So sorry to hear Snoball didn't make it.  Are you having your vet do a necropsy? Then you could find out what happened to cause her to leave you so soon.

((Hugs))


----------



## Sashalynn (Mar 23, 2010)

I am so sorry. The loss of a pet is always hard. My heart goes out to you.


----------



## Stephanie76 (Nov 2, 2009)

I am so very sorry for your loss.
*hugs*

RIP Snoball.


----------



## Sela (Apr 10, 2010)

Oh, honey, how awful! I think I might cry, too, the poor thing. I'm so sorry you had to say goodbye so soon, she was too young for this to happen. If you need to talk to someone, feel free to message me, okay? I hope Jamila and Mr Tweeds can offer you some comfort.


----------



## xsarahjox (Jul 28, 2009)

I'm so sorry for your loss.
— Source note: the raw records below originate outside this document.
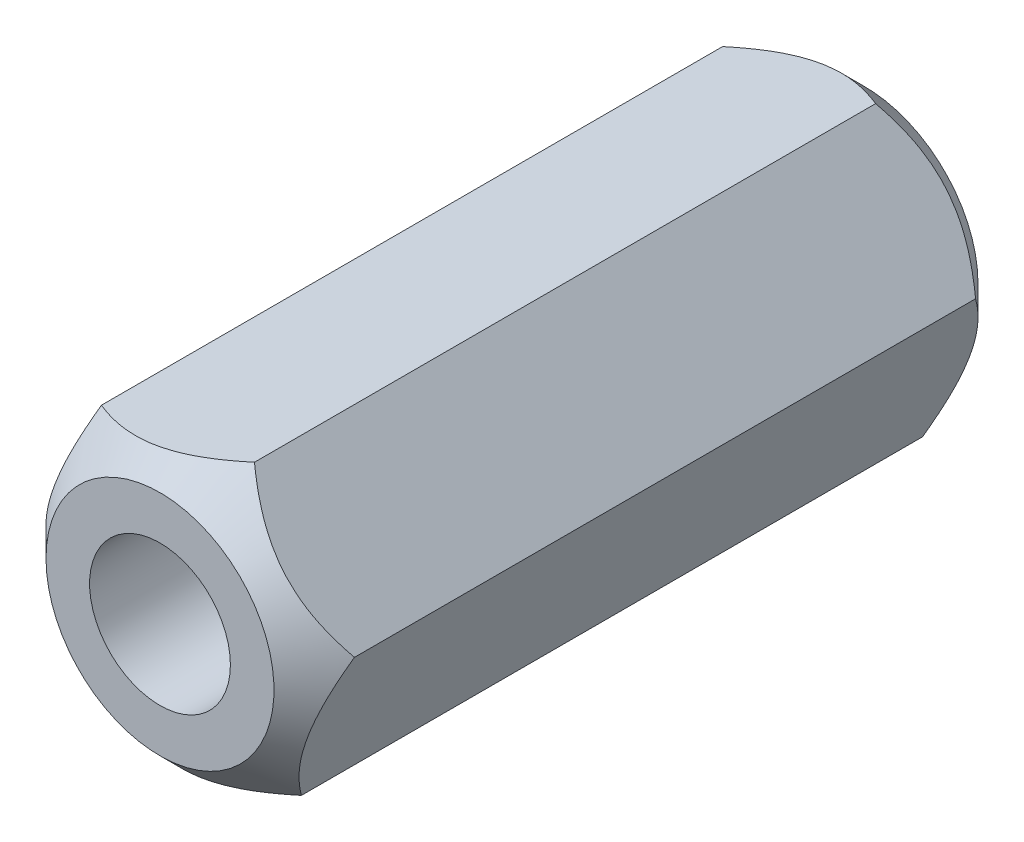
ISO-10303-21;
HEADER;
FILE_DESCRIPTION(('STEP AP214'),'2;1');
FILE_NAME('part.step','',(''),(''),'','','');
FILE_SCHEMA(('AUTOMOTIVE_DESIGN { 1 0 10303 214 1 1 1 1 }'));
ENDSEC;
DATA;
#1=APPLICATION_CONTEXT('core data for automotive mechanical design processes');
#2=APPLICATION_PROTOCOL_DEFINITION('international standard','automotive_design',2000,#1);
#3=PRODUCT_CONTEXT('',#1,'mechanical');
#4=PRODUCT('Part','Part','',(#3));
#5=PRODUCT_RELATED_PRODUCT_CATEGORY('part','',(#4));
#6=PRODUCT_DEFINITION_FORMATION('','',#4);
#7=PRODUCT_DEFINITION_CONTEXT('part definition',#1,'design');
#8=PRODUCT_DEFINITION('design','',#6,#7);
#9=PRODUCT_DEFINITION_SHAPE('','',#8);
#10=(LENGTH_UNIT() NAMED_UNIT(*) SI_UNIT(.MILLI.,.METRE.));
#11=(NAMED_UNIT(*) PLANE_ANGLE_UNIT() SI_UNIT($,.RADIAN.));
#12=(NAMED_UNIT(*) SI_UNIT($,.STERADIAN.) SOLID_ANGLE_UNIT());
#13=UNCERTAINTY_MEASURE_WITH_UNIT(LENGTH_MEASURE(1.E-05),#10,'distance_accuracy_value','');
#14=(GEOMETRIC_REPRESENTATION_CONTEXT(3) GLOBAL_UNCERTAINTY_ASSIGNED_CONTEXT((#13)) GLOBAL_UNIT_ASSIGNED_CONTEXT((#10,
#11,#12)) REPRESENTATION_CONTEXT('',''));
#15=CARTESIAN_POINT('',(0.,0.,0.));
#16=DIRECTION('',(0.,0.,1.));
#17=DIRECTION('',(1.,0.,0.));
#18=AXIS2_PLACEMENT_3D('',#15,#16,#17);
#19=CARTESIAN_POINT('',(23.598367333,209.806088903,-17.));
#20=DIRECTION('',(0.,0.,-1.));
#21=DIRECTION('',(-0.984657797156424,-0.174496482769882,0.));
#22=AXIS2_PLACEMENT_3D('',#19,#20,#21);
#23=PLANE('',#22);
#24=CARTESIAN_POINT('',(17.14,214.32,-16.9999999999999));
#25=DIRECTION('',(0.,0.,1.));
#26=DIRECTION('',(1.,0.,0.));
#27=AXIS2_PLACEMENT_3D('',#24,#25,#26);
#28=CIRCLE('',#27,5.50555349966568);
#29=CARTESIAN_POINT('',(22.6455534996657,214.32,-16.9999999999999));
#30=VERTEX_POINT('',#29);
#31=EDGE_CURVE('E45',#30,#30,#28,.F.);
#32=ORIENTED_EDGE('',*,*,#31,.T.);
#33=EDGE_LOOP('',(#32));
#34=FACE_BOUND('',#33,.T.);
#35=CARTESIAN_POINT('',(17.14,214.32,-16.9999999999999));
#36=DIRECTION('',(0.,0.,1.));
#37=DIRECTION('',(1.,0.,0.));
#38=AXIS2_PLACEMENT_3D('',#35,#36,#37);
#39=CIRCLE('',#38,3.39999999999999);
#40=CARTESIAN_POINT('',(20.54,214.32,-16.9999999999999));
#41=VERTEX_POINT('',#40);
#42=EDGE_CURVE('E251',#41,#41,#39,.T.);
#43=ORIENTED_EDGE('',*,*,#42,.T.);
#44=EDGE_LOOP('',(#43));
#45=FACE_BOUND('',#44,.T.);
#46=ADVANCED_FACE('F41',(#34,#45),#23,.T.);
#47=CARTESIAN_POINT('',(17.14,214.32,-17.));
#48=DIRECTION('',(0.,0.,1.));
#49=DIRECTION('',(1.,0.,0.));
#50=AXIS2_PLACEMENT_3D('',#47,#48,#49);
#51=CONICAL_SURFACE('',#50,5.50555349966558,0.785398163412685);
#52=CARTESIAN_POINT('',(19.7009737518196,221.375122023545,-15.0000000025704));
#53=CARTESIAN_POINT('',(19.7840077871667,221.276338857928,-15.0645131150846));
#54=CARTESIAN_POINT('',(19.8676800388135,221.176796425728,-15.1270462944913));
#55=CARTESIAN_POINT('',(20.0364261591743,220.976044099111,-15.2475505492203));
#56=CARTESIAN_POINT('',(20.1215007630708,220.87483333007,-15.3055191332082));
#57=CARTESIAN_POINT('',(20.3798060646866,220.567535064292,-15.4721688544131));
#58=CARTESIAN_POINT('',(20.5552232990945,220.358846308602,-15.5728831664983));
#59=CARTESIAN_POINT('',(20.9089660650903,219.938008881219,-15.7453489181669));
#60=CARTESIAN_POINT('',(21.0872012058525,219.725967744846,-15.8175348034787));
#61=CARTESIAN_POINT('',(21.3574838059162,219.404420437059,-15.9010357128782));
#62=CARTESIAN_POINT('',(21.4479758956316,219.296764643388,-15.9247285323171));
#63=CARTESIAN_POINT('',(21.6297261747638,219.080541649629,-15.9633187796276));
#64=CARTESIAN_POINT('',(21.7209842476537,218.971974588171,-15.9782175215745));
#65=CARTESIAN_POINT('',(21.943375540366,218.707402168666,-16.0031980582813));
#66=CARTESIAN_POINT('',(22.0747483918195,218.551111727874,-16.008438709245));
#67=CARTESIAN_POINT('',(22.3372572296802,218.23881263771,-15.9996376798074));
#68=CARTESIAN_POINT('',(22.4683931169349,218.082804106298,-15.9855892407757));
#69=CARTESIAN_POINT('',(22.729428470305,217.772257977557,-15.9390381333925));
#70=CARTESIAN_POINT('',(22.85932638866,217.617722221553,-15.9065148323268));
#71=CARTESIAN_POINT('',(23.116889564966,217.311306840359,-15.8247821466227));
#72=CARTESIAN_POINT('',(23.2445549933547,217.159427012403,-15.7755740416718));
#73=CARTESIAN_POINT('',(23.4711684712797,216.889831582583,-15.6743452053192));
#74=CARTESIAN_POINT('',(23.5706186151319,216.771518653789,-15.6249882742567));
#75=CARTESIAN_POINT('',(23.7677339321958,216.537016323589,-15.5183218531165));
#76=CARTESIAN_POINT('',(23.8653990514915,216.420826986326,-15.4610121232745));
#77=CARTESIAN_POINT('',(24.0586366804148,216.190937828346,-15.339724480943));
#78=CARTESIAN_POINT('',(24.1542146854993,216.077231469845,-15.275767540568));
#79=CARTESIAN_POINT('',(24.3436011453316,215.851923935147,-15.1420248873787));
#80=CARTESIAN_POINT('',(24.4374106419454,215.740321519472,-15.0722427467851));
#81=CARTESIAN_POINT('',(24.5304017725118,215.62969268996,-15.0000000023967));
#82=B_SPLINE_CURVE_WITH_KNOTS('',3,(#52,#53,#54,#55,#56,#57,#58,#59,#60,#61,#62,#63,#64,#65,#66,
#67,#68,#69,#70,#71,#72,#73,#74,#75,#76,#77,#78,#79,#80,#81),.UNSPECIFIED.,.F.,.F.,(4,2,2,2,2,2,
2,2,2,2,2,2,2,2,4),(0.,0.432793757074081,0.86582211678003,1.73655298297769,2.59345958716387,
3.02107268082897,3.44862186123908,4.0603826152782,4.67235777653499,5.28501773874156,
5.89763072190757,6.38414619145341,6.87067633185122,7.35571555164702,7.84045948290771),.UNSPECIFIED.);
#83=CARTESIAN_POINT('',(19.7009737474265,221.375122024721,-15.0000000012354));
#84=VERTEX_POINT('',#83);
#85=CARTESIAN_POINT('',(24.5304017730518,215.629692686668,-15.0000000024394));
#86=VERTEX_POINT('',#85);
#87=EDGE_CURVE('E88',#84,#86,#82,.T.);
#88=ORIENTED_EDGE('',*,*,#87,.T.);
#89=CARTESIAN_POINT('',(24.5304017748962,215.629692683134,-15.0000000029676));
#90=CARTESIAN_POINT('',(24.4863700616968,215.508391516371,-15.0645131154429));
#91=CARTESIAN_POINT('',(24.4419999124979,215.386158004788,-15.1270462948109));
#92=CARTESIAN_POINT('',(24.3525163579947,215.139643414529,-15.2475505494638));
#93=CARTESIAN_POINT('',(24.3074025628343,215.015361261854,-15.3055191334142));
#94=CARTESIAN_POINT('',(24.1704271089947,214.638013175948,-15.4721688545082));
#95=CARTESIAN_POINT('',(24.0774059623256,214.381753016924,-15.5728831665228));
#96=CARTESIAN_POINT('',(23.8898214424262,213.864984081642,-15.7453489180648));
#97=CARTESIAN_POINT('',(23.7953060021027,213.604607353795,-15.8175348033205));
#98=CARTESIAN_POINT('',(23.6519791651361,213.209762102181,-15.9010357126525));
#99=CARTESIAN_POINT('',(23.6039925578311,213.077565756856,-15.9247285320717));
#100=CARTESIAN_POINT('',(23.5076130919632,212.812053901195,-15.9633187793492));
#101=CARTESIAN_POINT('',(23.4592202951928,212.67873856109,-15.9782175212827));
#102=CARTESIAN_POINT('',(23.341289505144,212.353855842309,-16.0031980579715));
#103=CARTESIAN_POINT('',(23.2716244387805,212.16193839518,-16.0084387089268));
#104=CARTESIAN_POINT('',(23.1324199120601,211.77844952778,-15.9996376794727));
#105=CARTESIAN_POINT('',(23.0628805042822,211.586878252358,-15.9855892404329));
#106=CARTESIAN_POINT('',(22.9244573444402,211.20554194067,-15.9390381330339));
#107=CARTESIAN_POINT('',(22.8555744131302,211.015779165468,-15.9065148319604));
#108=CARTESIAN_POINT('',(22.7189924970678,210.639515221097,-15.8247821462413));
#109=CARTESIAN_POINT('',(22.6512934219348,210.453013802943,-15.7755740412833));
#110=CARTESIAN_POINT('',(22.5311236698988,210.121963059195,-15.6743452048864));
#111=CARTESIAN_POINT('',(22.4783867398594,209.976680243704,-15.6249882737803));
#112=CARTESIAN_POINT('',(22.3738594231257,209.68872220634,-15.5183218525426));
#113=CARTESIAN_POINT('',(22.3220690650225,209.546047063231,-15.4610121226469));
#114=CARTESIAN_POINT('',(22.2195980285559,209.263753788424,-15.3397244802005));
#115=CARTESIAN_POINT('',(22.1689144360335,209.124127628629,-15.2757675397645));
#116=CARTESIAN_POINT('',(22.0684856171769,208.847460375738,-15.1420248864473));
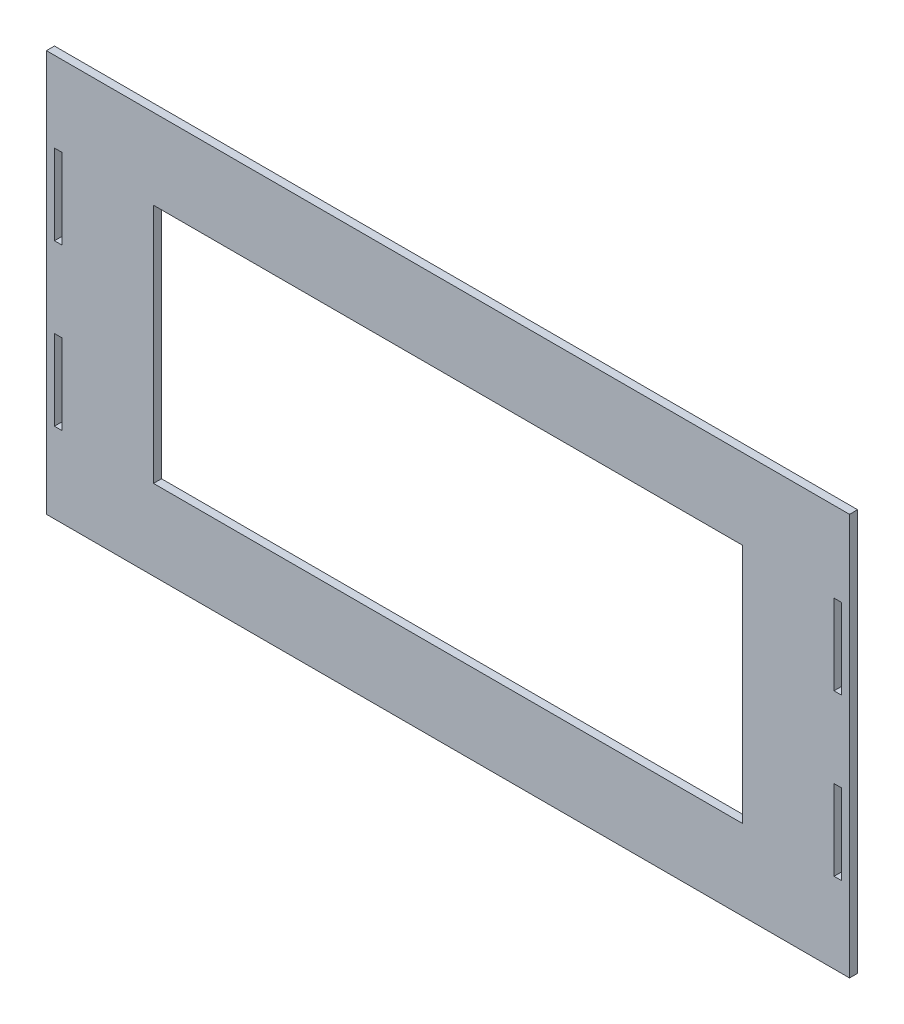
from build123d import *

# Parameters (mm, degrees)
CROQUIS1_W              = 300
CROQUIS1_H              = 150
CROQUIS1_W_2            = 220
CROQUIS1_H_2            = 90
CROQUIS1_W_3            = 2.8
CROQUIS1_H_3            = 30
SALIENTE_EXTRUIR1_DEPTH = 3


with BuildPart() as part:
    # Croquis1 → Saliente-Extruir1 (new body)
    with BuildSketch(Plane.XY):
        Rectangle(CROQUIS1_W, CROQUIS1_H)
        Rectangle(CROQUIS1_W_2, CROQUIS1_H_2, mode=Mode.SUBTRACT)
        with Locations((-145.6, 30)):
            Rectangle(CROQUIS1_W_3, CROQUIS1_H_3, mode=Mode.SUBTRACT)
        with Locations((-145.6, -30)):
            Rectangle(CROQUIS1_W_3, CROQUIS1_H_3, mode=Mode.SUBTRACT)
        with Locations((145.6, -30)):
            Rectangle(CROQUIS1_W_3, CROQUIS1_H_3, mode=Mode.SUBTRACT)
        with Locations((145.6, 30)):
            Rectangle(CROQUIS1_W_3, CROQUIS1_H_3, mode=Mode.SUBTRACT)
    extrude(amount=SALIENTE_EXTRUIR1_DEPTH)


solid = part.part

Sending lots of hugs and comfort your way.


----------



## mkrj58 (Mar 4, 2010)

R.I.P. My little Snoball ( November 19,2009 May 17,2010 )


----------



## Hedgieonboard (Nov 15, 2009)

Im very sorry to hear about your loss


----------



## hedgiesrule (Jan 19, 2009)

Oh, thats's terrible!! My eyes are getting watery... not joking.
That's WAY too young to die!!  
So sorry to hear about this.
*hugs*
hr


----------



## tie-dye hedgie (Dec 19, 2009)

Very, very sorry to hear of your girl's passing. I know five months is young, but I hope they were filled with love and joy for you and her. Rest in Peace Snoball


----------



## Herisson (Jan 7, 2009)

Peace be with you Snoball. You were well loved and adored.

(((HUGS)))


----------



## CoxMD (Apr 30, 2010)

I'm so sorry for your loss. *hugs*


----------